Non-alcoholic fatty liver disease (NAFLD) is a major emerging health challenge for people living with HIV, according to a review of evidence by doctors from the department of internal medicine and infectious diseases, University Medical Centre Utrecht (UMCU), The Netherlands.
NAFLD occurs when fat accumulates in liver cells, in people with low alcohol consumption. In some people fat accumulation will cause no symptoms but in a minority of people with NAFLD, fat accumulation leads to more serious liver damage in the form of non-alcoholic steatohepatitis (NASH) and cirrhosis. Around 10% of people with NAFLD develop NASH, and approximately one-third of people with NASH will go on to develop fibrosis or cirrhosis, resulting in declining liver function.
Immune activation caused by HIV and a history of treatment with the first generation of antiretroviral drugs, as well as the classic risk factors of obesity and metabolic syndrome, may place people living with HIV at higher risk of developing NAFLD and NASH.
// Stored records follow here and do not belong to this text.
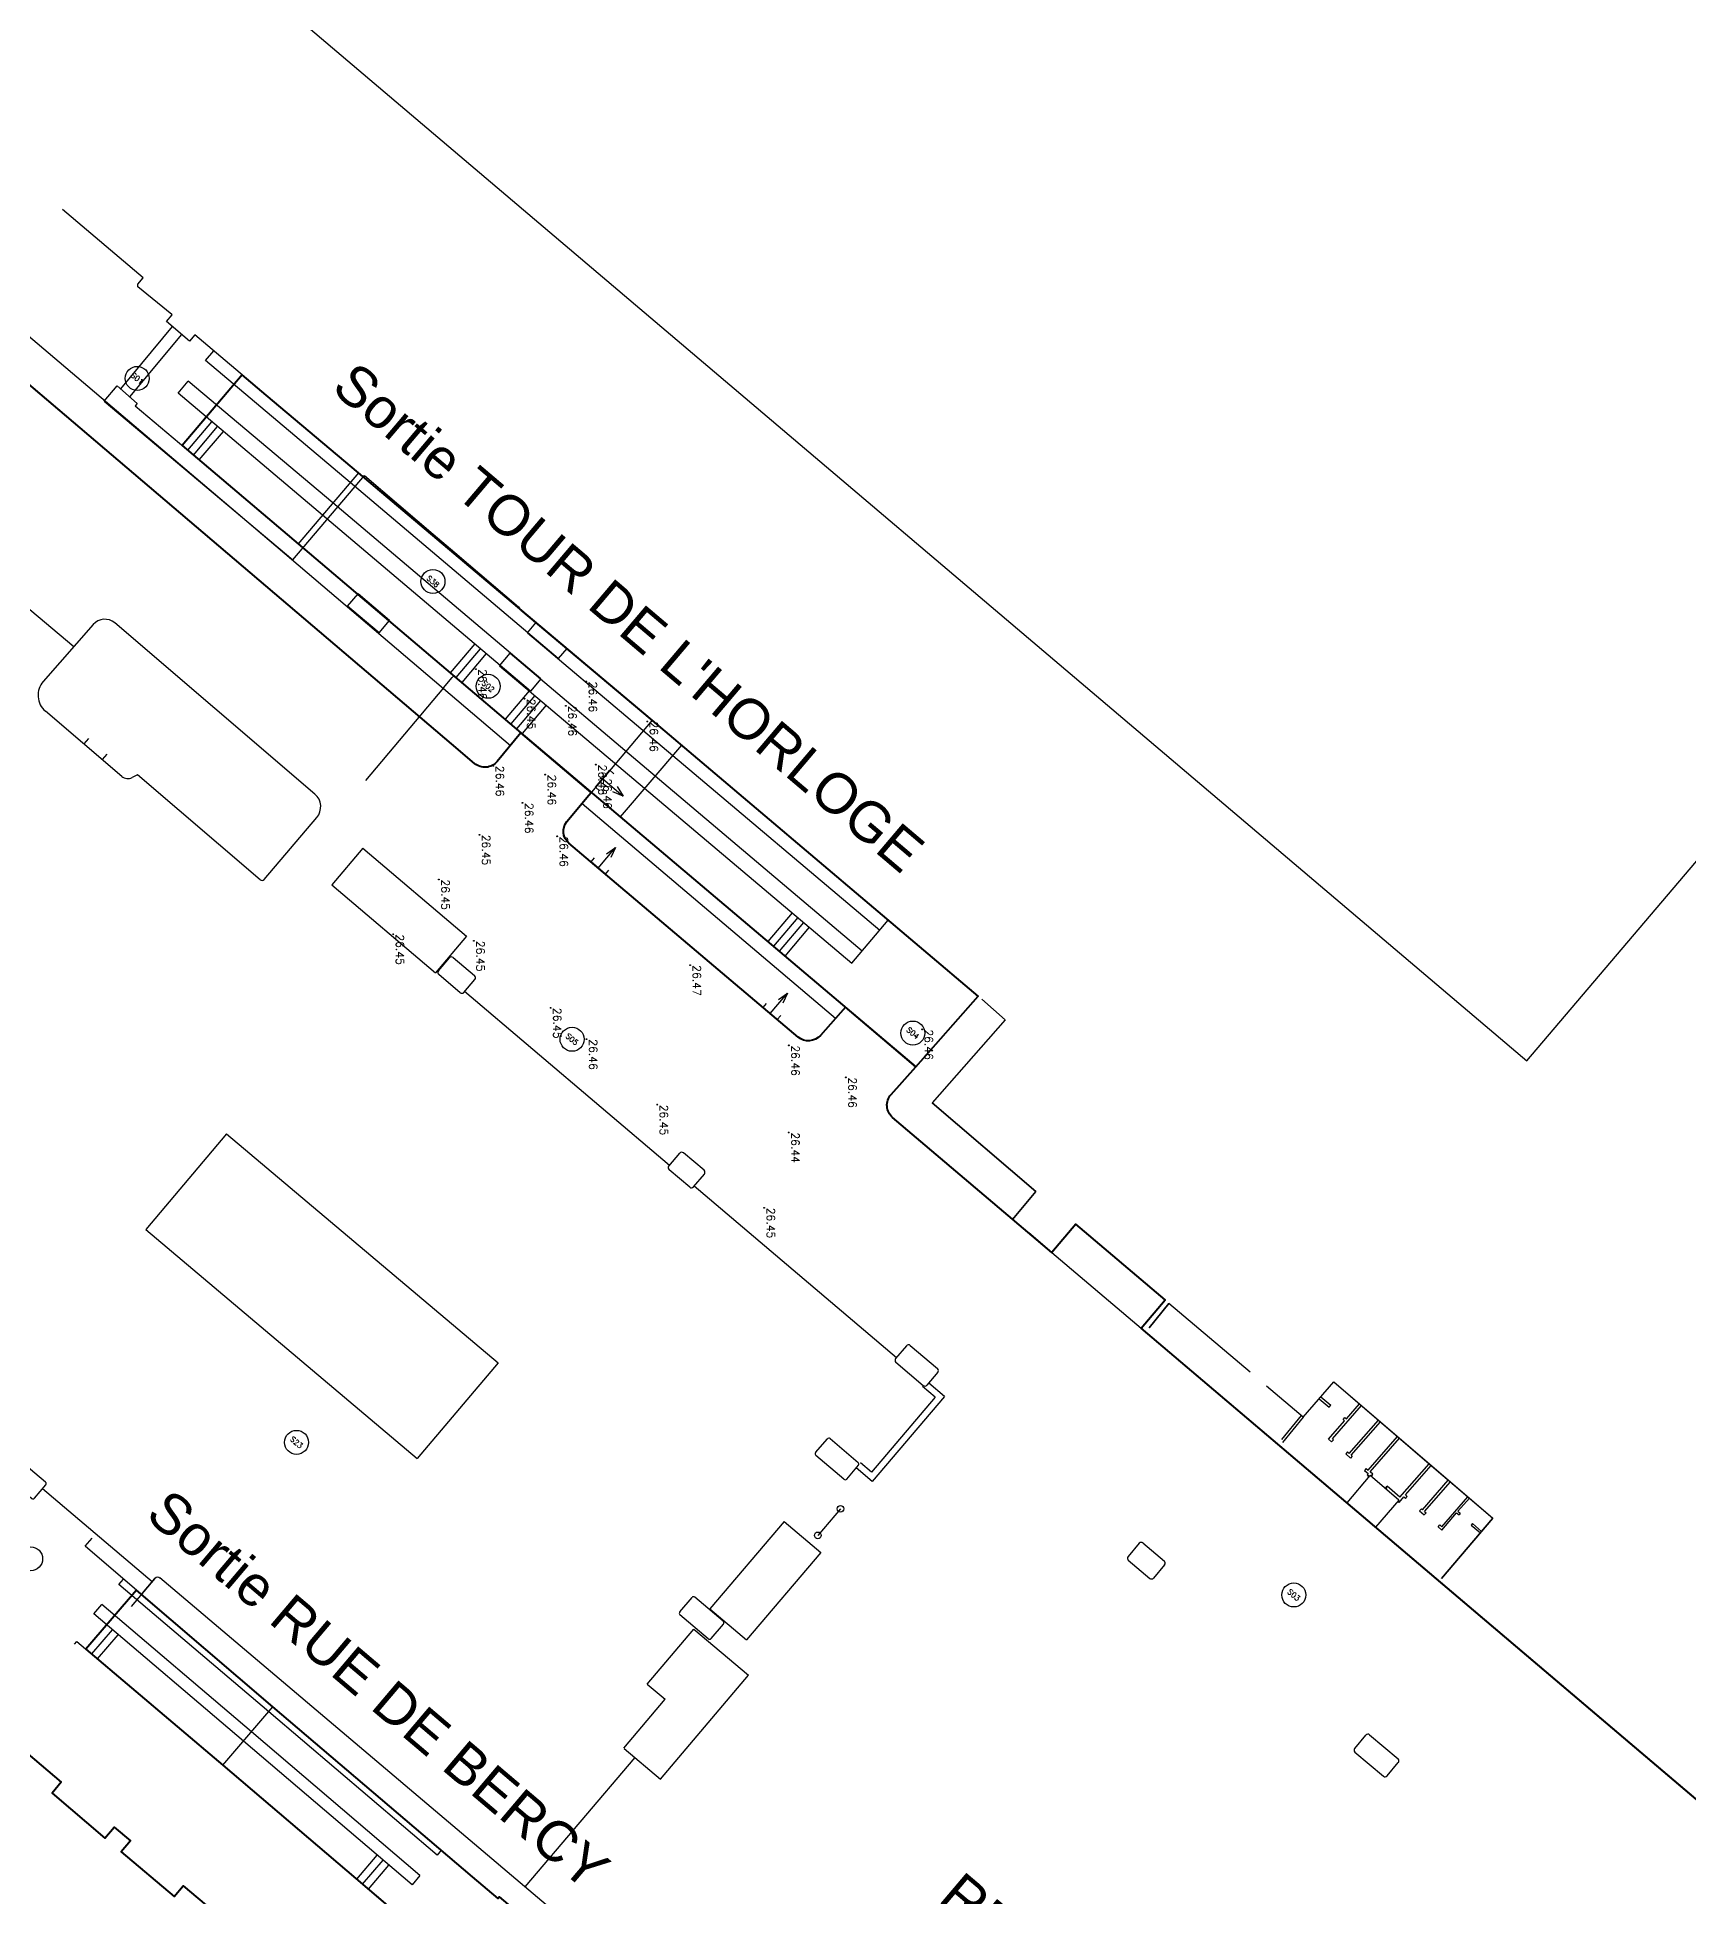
# Model space of a CAD drawing. Header units: metres. Extents: x 1653773 to 1654374, y 8182561 to 8183166.
# Drawn here: x 1654007.7 to 1654069.6, y 8182821.9 to 8182891.7 of the extents above; entities that cross this region are included whole.
import ezdxf
from ezdxf.enums import TextEntityAlignment as Align

# ---------------------------------------------------------------- set-up
doc = ezdxf.new("R2010")
doc.units = ezdxf.units.M
doc.header["$LTSCALE"] = 2
doc.header["$PDMODE"] = 32
doc.header["$PDSIZE"] = 0.03
doc.linetypes.add('CONTINU', pattern=[0])
for name, color, linetype in [('schema', 7, 'Continuous'), ('TOP-BATIS-_-E', 7, 'Continuous'), ('TOP-BATIS-MUR-E', 7, 'Continuous'), ('TOP-INFRA-EF-E', 7, 'Continuous'), ('TOP-INFRA-EM-E', 7, 'Continuous'), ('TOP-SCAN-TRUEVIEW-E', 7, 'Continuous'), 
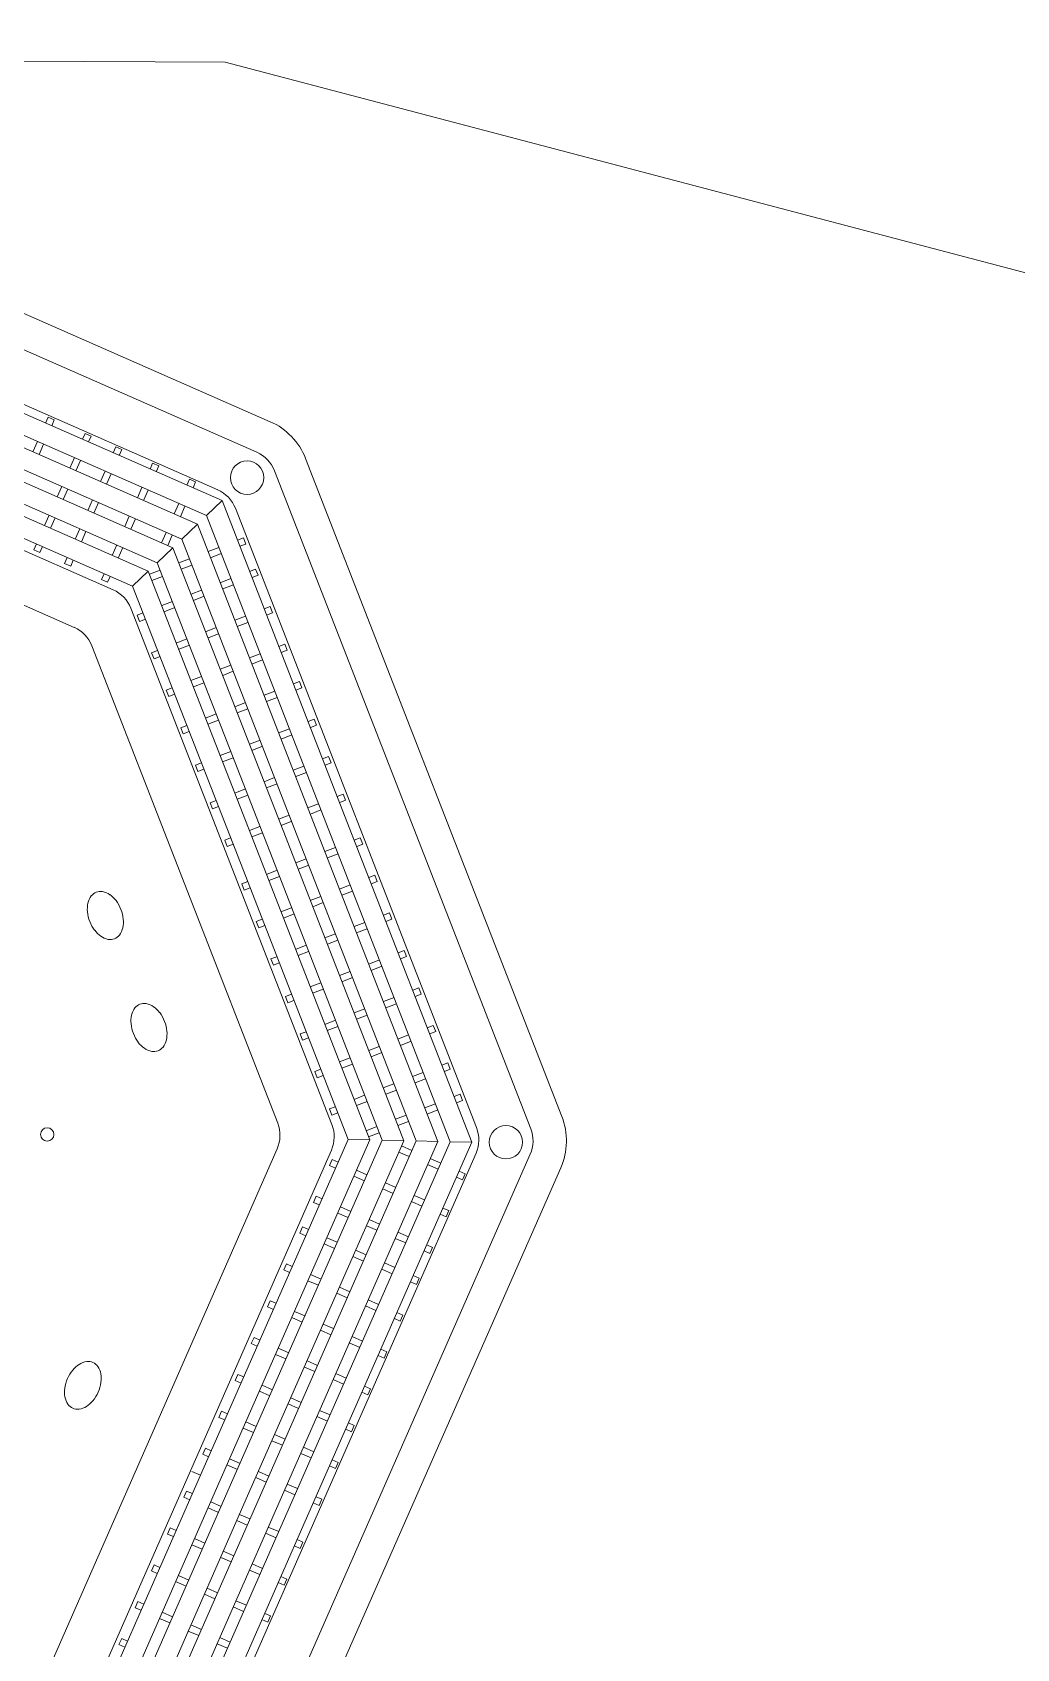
# Model space of a CAD drawing. Header units: millimetres. Extents: x 72 to 2370, y -203 to 794.
# Drawn here: x 1702.048 to 1703.521, y 357.295 to 359.715 of the extents above; entities that cross this region are included whole.
import ezdxf

# ---------------------------------------------------------------- set-up
doc = ezdxf.new("R2010")
doc.units = ezdxf.units.MM
doc.layers.add('01_Fina', color=250, linetype='Continuous', lineweight=15)
doc.layers.add('PLUMA 0.05', color=240, linetype='Continuous', lineweight=5)

# ---------------------------------------------------------------- blocks, each defined once
blk = doc.blocks.new('ala')
at = {"layer": 'PLUMA 0.05', "color": 252, "true_color": 0x939598}
for p, q in [((1562.9436, 61.8153), (1561.8865, 61.8153)), ((1561.8511, 61.8007), (1561.0222, 60.9717)), ((1563.8079, 60.9717), (1562.979, 61.8007)), ((1562.9126, 61.7403), (1561.9175, 61.7403)), ((1561.9631, 61.7355), (1561.9631, 61.7259)), ((1561.9731, 61.7355), (1561.9631, 61.7355)), ((1561.9731, 61.7259), (1561.9731, 61.7355)), ((1562.0133, 61.7355), (1562.0133, 61.7259)), ((1562.0233, 61.7355), (1562.0133, 61.7355)), ((1562.0233, 61.7259), (1562.0233, 61.7355)), ((1562.0736, 61.7355), (1562.0736, 61.7259)), ((1562.0836, 61.7355), (1562.0736, 61.7355)), ((1562.0836, 61.7259), (1562.0836, 61.7355)), ((1562.1339, 61.7355), (1562.1339, 61.7259)), ((1562.1439, 61.7355), (1562.1339, 61.7355)), ((1562.1439, 61.7259), (1562.1439, 61.7355)), ((1562.1941, 61.7355), (1562.1941, 61.7259)), ((1562.2041, 61.7355), (1562.1941, 61.7355)), ((1562.2041, 61.7259), (1562.2041, 61.7355)), ((1562.2544, 61.7355), (1562.2544, 61.7259)), ((1562.2644, 61.7355), (1562.2544, 61.7355)), ((1562.2644, 61.7259), (1562.2644, 61.7355)), ((1562.3146, 61.7355), (1562.3146, 61.7259)), ((1562.3246, 61.7355), (1562.3146, 61.7355)), ((1562.3246, 61.7259), (1562.3246, 61.7355)), ((1562.3749, 61.7355), (1562.3749, 61.7259)), ((1562.3849, 61.7355), (1562.3749, 61.7355)), ((1562.3849, 61.7259), (1562.3849, 61.7355)), ((1562.4452, 61.7259), (1562.4452, 61.7355)), ((1562.4452, 61.7355), (1562.4552, 61.7355)), ((1562.4552, 61.7355), (1562.4552, 61.7259)), ((1562.5054, 61.7259), (1562.5054, 61.7355)), ((1562.5054, 61.7355), (1562.5154, 61.7355)), ((1562.5154, 61.7355), (1562.5154, 61.7259)), ((1562.5657, 61.7259), (1562.5657, 61.7355)), ((1562.5657, 61.7355), (1562.5757, 61.7355)), ((1562.5757, 61.7355), (1562.5757, 61.7259)), ((1562.626, 61.7259), (1562.626, 61.7355)), ((1562.626, 61.7355), (1562.636, 61.7355)), ((1562.636, 61.7355), (1562.636, 61.7259)), ((1562.6862, 61.7259), (1562.6862, 61.7355)), ((1562.6862, 61.7355), (1562.6962, 61.7355)), ((1562.6962, 61.7355), (1562.6962, 61.7259)), ((1562.7465, 61.7259), (1562.7465, 61.7355)), ((1562.7465, 61.7355), (1562.7565, 61.7355)), ((1562.7565, 61.7355), (1562.7565, 61.7259)), ((1562.8067, 61.7259), (1562.8067, 61.7355)), ((1562.8067, 61.7355), (1562.8167, 61.7355)), ((1562.8167, 61.7355), (1562.8167, 61.7259)), ((1562.857, 61.7259), (1562.857, 61.7355)), ((1562.857, 61.7355), (1562.867, 61.7355)), ((1562.867, 61.7355), (1562.867, 61.7259)), ((1561.8822, 61.7257), (1561.0972, 60.9407)), ((1561.8997, 61.7259), (1561.4613, 61.2875)), ((1561.9121, 61.6959), (1561.8997, 61.7259)), ((1561.8997, 61.7259), (1562.415, 61.7259)), ((1562.9304, 61.7259), (1562.415, 61.7259)), ((1562.9179, 61.6959), (1562.9304, 61.7259)), ((1562.9304, 61.7259), (1563.3687, 61.2875)), ((1563.7329, 60.9407), (1562.9479, 61.7257)), ((1561.9121, 61.6959), (1561.4825, 61.2663)), ((1561.8522, 61.6921), (1561.8593, 61.6991)), ((1561.8591, 61.6852), (1561.8522, 61.6921)), ((1561.8593, 61.6991), (1561.8661, 61.6923)), ((1561.9121, 61.6959), (1562.415, 61.6959)), ((1561.9631, 61.6959), (1561.9631, 61.6788)), ((1561.9731, 61.6788), (1561.9731, 61.6959)), ((1562.0133, 61.6959), (1562.0133, 61.6788)), ((1562.0233, 61.6788), (1562.0233, 61.6959)), ((1562.0736, 61.6959), (1562.0736, 61.6788)), ((1562.0836, 61.6788), (1562.0836, 61.6959)), ((1562.1339, 61.6959), (1562.1339, 61.6788)), ((1562.1439, 61.6788), (1562.1439, 61.6959)), ((1562.1941, 61.6959), (1562.1941, 61.6788)), ((1562.2041, 61.6788), (1562.2041, 61.6959)), ((1562.2544, 61.6959), (1562.2544, 61.6788)), ((1562.2644, 61.6788), (1562.2644, 61.6959)), ((1562.3146, 61.6959), (1562.3146, 61.6788)), ((1562.3246, 61.6788), (1562.3246, 61.6959)), ((1562.3749, 61.6959), (1562.3749, 61.6788)), ((1562.3849, 61.6788), (1562.3849, 61.6959)), ((1562.9179, 61.6959), (1562.415, 61.6959)), ((1562.4452, 61.6788), (1562.4452, 61.6959)), ((1562.4552, 61.6959), (1562.4552, 61.6788)), ((1562.5054, 61.6788), (1562.5054, 61.6959)), ((1562.5154, 61.6959), (1562.5154, 61.6788)), ((1562.5657, 61.6788), (1562.5657, 61.6959)), ((1562.5757, 61.6959), (1562.5757, 61.6788)), ((1562.626, 61.6788), (1562.626, 61.6959)), ((1562.636, 61.6959), (1562.636, 61.6788)), ((1562.6862, 61.6788), (1562.6862, 61.6959)), ((1562.6962, 61.6959), (1562.6962, 61.6788)), ((1562.7465, 61.6788), (1562.7465, 61.6959)), ((1562.7565, 61.6959), (1562.7565, 61.6788)), ((1562.8067, 61.6788), (1562.8067, 61.6959)), ((1562.8167, 61.6959), (1562.8167, 61.6788)), ((1562.857, 61.6788), (1562.857, 61.6959)), ((1562.867, 61.6959), (1562.867, 61.6788)), ((1562.9179, 61.6959), (1563.3475, 61.2663)), ((1562.9708, 61.6991), (1562.9639, 61.6923)), ((1562.9778, 61.6921), (1562.9708, 61.6991)), ((1562.971, 61.6852), (1562.9778, 61.6921)), ((1561.9192, 61.6788), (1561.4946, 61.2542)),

A systematic review and meta-analysis published in 2017 found a prevalence of NAFLD in people living with HIV (PLHIV) of 35%, compared to a general population prevalence of 25%. The prevalence of NAFLD is much higher in PLHIV with persistent liver enzyme elevations; studies found prevalence ranged from 57 to 72%. However, studies that have matched PLHIV with HIV-negative controls do not consistently find a higher prevalence in PLHIV and show that classic risk factors for NAFLD were more important than HIV-related factors.
Possible causes of NAFLD and NASH in HIV infection include: insulin resistance induced by HIV infection and by use of older protease inhibitors and nucleoside reverse transcriptase inhibitors (NRTIs) (especially stavudine) leads to triglyceride accumulation in the liver; mitochondrial toxicity caused by older NRTIs (stavudine, zidovudine) prevents liver cells from processing triglycerides, promoting accumulation; boosted protease inhibitors promote higher lipid levels; and insulin resistance and raised glucose levels encourages production of lipids in the liver.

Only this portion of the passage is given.